Stored data entries
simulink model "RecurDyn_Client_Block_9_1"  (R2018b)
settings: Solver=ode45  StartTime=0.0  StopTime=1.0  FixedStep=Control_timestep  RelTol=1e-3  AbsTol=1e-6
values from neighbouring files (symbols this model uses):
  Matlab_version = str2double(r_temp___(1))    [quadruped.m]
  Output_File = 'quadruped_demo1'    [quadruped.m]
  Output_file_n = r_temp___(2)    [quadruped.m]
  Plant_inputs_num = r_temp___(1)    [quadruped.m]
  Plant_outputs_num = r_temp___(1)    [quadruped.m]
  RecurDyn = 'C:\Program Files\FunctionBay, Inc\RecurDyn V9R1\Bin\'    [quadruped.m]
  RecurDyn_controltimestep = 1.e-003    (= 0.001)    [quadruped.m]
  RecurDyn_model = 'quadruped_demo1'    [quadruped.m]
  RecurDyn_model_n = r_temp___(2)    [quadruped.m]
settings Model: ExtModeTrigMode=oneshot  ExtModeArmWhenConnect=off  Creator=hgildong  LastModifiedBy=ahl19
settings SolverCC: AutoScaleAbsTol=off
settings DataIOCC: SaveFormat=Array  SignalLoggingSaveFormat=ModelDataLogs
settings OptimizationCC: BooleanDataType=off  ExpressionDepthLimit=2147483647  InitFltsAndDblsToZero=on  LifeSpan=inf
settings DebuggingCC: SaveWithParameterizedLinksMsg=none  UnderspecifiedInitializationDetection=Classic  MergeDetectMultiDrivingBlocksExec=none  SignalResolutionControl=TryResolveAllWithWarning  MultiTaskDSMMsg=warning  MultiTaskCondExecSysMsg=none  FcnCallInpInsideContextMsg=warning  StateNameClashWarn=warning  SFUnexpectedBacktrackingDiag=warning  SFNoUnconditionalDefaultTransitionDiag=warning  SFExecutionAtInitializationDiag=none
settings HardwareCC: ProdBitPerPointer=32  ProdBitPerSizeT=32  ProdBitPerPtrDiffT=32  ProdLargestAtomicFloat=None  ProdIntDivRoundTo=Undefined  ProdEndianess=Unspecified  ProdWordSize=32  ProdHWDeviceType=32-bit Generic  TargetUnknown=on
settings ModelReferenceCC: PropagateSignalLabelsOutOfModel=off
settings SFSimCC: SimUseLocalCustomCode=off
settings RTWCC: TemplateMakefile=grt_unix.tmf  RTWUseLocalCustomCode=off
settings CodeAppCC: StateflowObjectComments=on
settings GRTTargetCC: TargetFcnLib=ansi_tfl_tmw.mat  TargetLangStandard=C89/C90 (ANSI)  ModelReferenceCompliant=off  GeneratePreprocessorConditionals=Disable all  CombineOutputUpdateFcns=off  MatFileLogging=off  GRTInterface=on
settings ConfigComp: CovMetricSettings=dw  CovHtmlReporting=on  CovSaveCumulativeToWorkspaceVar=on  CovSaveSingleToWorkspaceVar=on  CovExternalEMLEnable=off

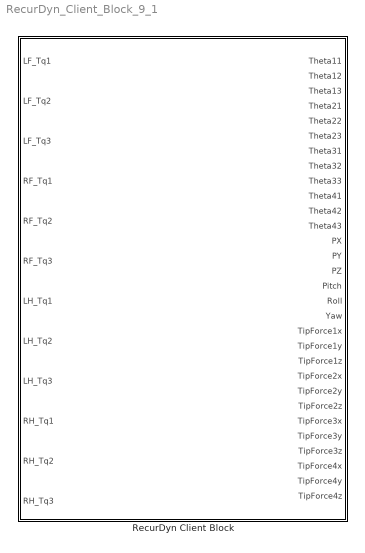
== system RecurDyn_Client_Block_9_1 ==
  RecurDyn Client Block : Subsystem
      mask Display: image(imread('RecurDyn_IF3x_Client.jpg'))

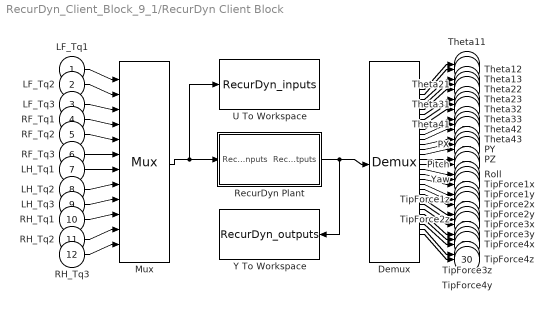
== system RecurDyn_Client_Block_9_1/RecurDyn Client Block ==
  LF_Tq1 : Inport
  LF_Tq2 : Inport  Port=2
  LF_Tq3 : Inport  Port=3
  RF_Tq1 : Inport  Port=4
  RF_Tq2 : Inport  Port=5
  RF_Tq3 : Inport  Port=6
  LH_Tq1 : Inport  Port=7
  LH_Tq2 : Inport  Port=8
  LH_Tq3 : Inport  Port=9
  RH_Tq1 : Inport  Port=10
  RH_Tq2 : Inport  Port=11
  RH_Tq3 : Inport  Port=12
  Demux : Demux  Outputs=30
  Mux : Mux  Inputs=12
  RecurDyn Plant : Subsystem  mask(Recurdyn/Plant){RecurDyn_model_name=RecurDyn_model, Output_File_Name_=Output_File, RecurDyn_=RecurDyn, Matlab_version_=Matlab_version, RecurDyn_controltimestep_=RecurDyn_controltimestep, RecurDyn_step_=100, Waitingtime=1000, RecurDyn_static_=off, RecurDyn_show_=on, RecurDyn_ani_=on, Create_Output_Folder_=off}
      mask prompts: Output_File_Name_ "Output File Name"; RecurDyn_ "RecurDyn_install_directory"; Matlab_version_ "Matlab version"; RecurDyn_controltimestep_ "Sampling period"; RecurDyn_step_ "RecurDyn_step"; Waitingtime "Waiting time"; RecurDyn_static_ "Static analysis"; RecurDyn_show_ "RecurDyn_show"; RecurDyn_ani_ "RecurDyn_animation"; Create_Output_Folder_ "Create Output Folder"
      mask help:
      | Simulate any Recurdyn Dynamics Model in Recurdyn/Solver
      | Plant inputs and Plant outputs are transfered every sampling time
      | Here, sampling time is determined by sampling period (Control time step)
      mask Display: disp( 'Dynamic Model' )
  U To Workspace : ToWorkspace  VariableName=RecurDyn_inputs
  Y To Workspace : ToWorkspace  VariableName=RecurDyn_outputs
  "Theta11   " : Outport
  "Theta12   " : Outport  Port=2
  "Theta13   " : Outport  Port=3
  "Theta21   " : Outport  Port=4
  "Theta22   " : Outport  Port=5
  "Theta23   " : Outport  Port=6
  "Theta31   " : Outport  Port=7
  "Theta32   " : Outport  Port=8
  "Theta33   " : Outport  Port=9
  "Theta41   " : Outport  Port=10
  "Theta42   " : Outport  Port=11
  "Theta43   " : Outport  Port=12
  "PX        " : Outport  Port=13
  "PY        " : Outport  Port=14
  "PZ        " : Outport  Port=15
  "Pitch     " : Outport  Port=16
  "Roll      " : Outport  Port=17
  "Yaw       " : Outport  Port=18
  TipForce1x : Outport  Port=19
  TipForce1y : Outport  Port=20
  TipForce1z : Outport  Port=21
  TipForce2x : Outport  Port=22
  TipForce2y : Outport  Port=23
  TipForce2z : Outport  Port=24
  TipForce3x : Outport  Port=25
  TipForce3y : Outport  Port=26
  TipForce3z : Outport  Port=27
  TipForce4x : Outport  Port=28
  TipForce4y : Outport  Port=29
  TipForce4z : Outport  Port=30
  wires:
  RecurDyn Plant/1(RecurDyn_outputs) -> Demux/1, Y To Workspace/1
  Mux/1 -> RecurDyn Plant/1(" RecurDyn_inputs"), U To Workspace/1
  Demux/1 -> "Theta11   "/1
  Demux/2 -> "Theta12   "/1
  Demux/3 -> "Theta13   "/1
  Demux/4 -> "Theta21   "/1
  Demux/5 -> "Theta22   "/1
  Demux/6 -> "Theta23   "/1
  Demux/7 -> "Theta31   "/1
  Demux/8 -> "Theta32   "/1
  Demux/9 -> "Theta33   "/1
  Demux/10 -> "Theta41   "/1
  Demux/11 -> "Theta42   "/1
  Demux/12 -> "Theta43   "/1
  Demux/13 -> "PX        "/1
  Demux/14 -> "PY        "/1
  Demux/15 -> "PZ        "/1
  Demux/16 -> "Pitch     "/1
  Demux/17 -> "Roll      "/1
  Demux/18 -> "Yaw       "/1
  Demux/19 -> TipForce1x/1
  Demux/20 -> TipForce1y/1
  Demux/21 -> TipForce1z/1
  Demux/22 -> TipForce2x/1
  Demux/23 -> TipForce2y/1
  Demux/24 -> TipForce2z/1
  Demux/25 -> TipForce3x/1
  Demux/26 -> TipForce3y/1
  Demux/27 -> TipForce3z/1
  Demux/28 -> TipForce4x/1
  Demux/29 -> TipForce4y/1
  Demux/30 -> TipForce4z/1
  LF_Tq1/1 -> Mux/1
  LF_Tq2/1 -> Mux/2
  LF_Tq3/1 -> Mux/3
  RF_Tq1/1 -> Mux/4
  RF_Tq2/1 -> Mux/5
  RF_Tq3/1 -> Mux/6
  LH_Tq1/1 -> Mux/7
  LH_Tq2/1 -> Mux/8
  LH_Tq3/1 -> Mux/9
  RH_Tq1/1 -> Mux/10
  RH_Tq2/1 -> Mux/11
  RH_Tq3/1 -> Mux/12

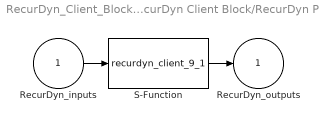
== system RecurDyn_Client_Block_9_1/RecurDyn Client Block/RecurDyn Plant ==
  " RecurDyn_inputs" : Inport
  S-Function : S-Function  FunctionName=recurdyn_client_9_1  Parameters=RecurDyn_controltimestep_,RecurDyn_model_name,RecurDyn_,RecurDyn_static_,RecurDyn_step_,RecurDyn_show_,RecurDyn_ani_,Matlab_version_,RecurDyn_model_n,Plant_inputs_num,Plant_outputs_num,Waitingtime,Create_Output_Folder_,Output_File_Name_,Output_file_n  SFunctionDeploymentMode=off  EnableBusSupport=off
  RecurDyn_outputs : Outport  InitialOutput=0
  wires:
  S-Function/1 -> RecurDyn_outputs/1
  " RecurDyn_inputs"/1 -> S-Function/1

**Brief**
Copy back exactly the lines above from the one containing "mask Display: image(imread('RecurDyn_IF3x_Client.jpg'))" through the one containing "RecurDyn Plant : Subsystem", and leave every picture behind.

**Result**
      mask Display: image(imread('RecurDyn_IF3x_Client.jpg'))

== system RecurDyn_Client_Block_9_1/RecurDyn Client Block ==
  LF_Tq1 : Inport
  LF_Tq2 : Inport  Port=2
  LF_Tq3 : Inport  Port=3
  RF_Tq1 : Inport  Port=4
  RF_Tq2 : Inport  Port=5
  RF_Tq3 : Inport  Port=6
  LH_Tq1 : Inport  Port=7
  LH_Tq2 : Inport  Port=8
  LH_Tq3 : Inport  Port=9
  RH_Tq1 : Inport  Port=10
  RH_Tq2 : Inport  Port=11
  RH_Tq3 : Inport  Port=12
  Demux : Demux  Outputs=30
  Mux : Mux  Inputs=12
  RecurDyn Plant : Subsystem  mask(Recurdyn/Plant){RecurDyn_model_name=RecurDyn_model, Output_File_Name_=Output_File, RecurDyn_=RecurDyn, Matlab_version_=Matlab_version, RecurDyn_controltimestep_=RecurDyn_controltimestep, RecurDyn_step_=100, Waitingtime=1000, RecurDyn_static_=off, RecurDyn_show_=on, RecurDyn_ani_=on, Create_Output_Folder_=off}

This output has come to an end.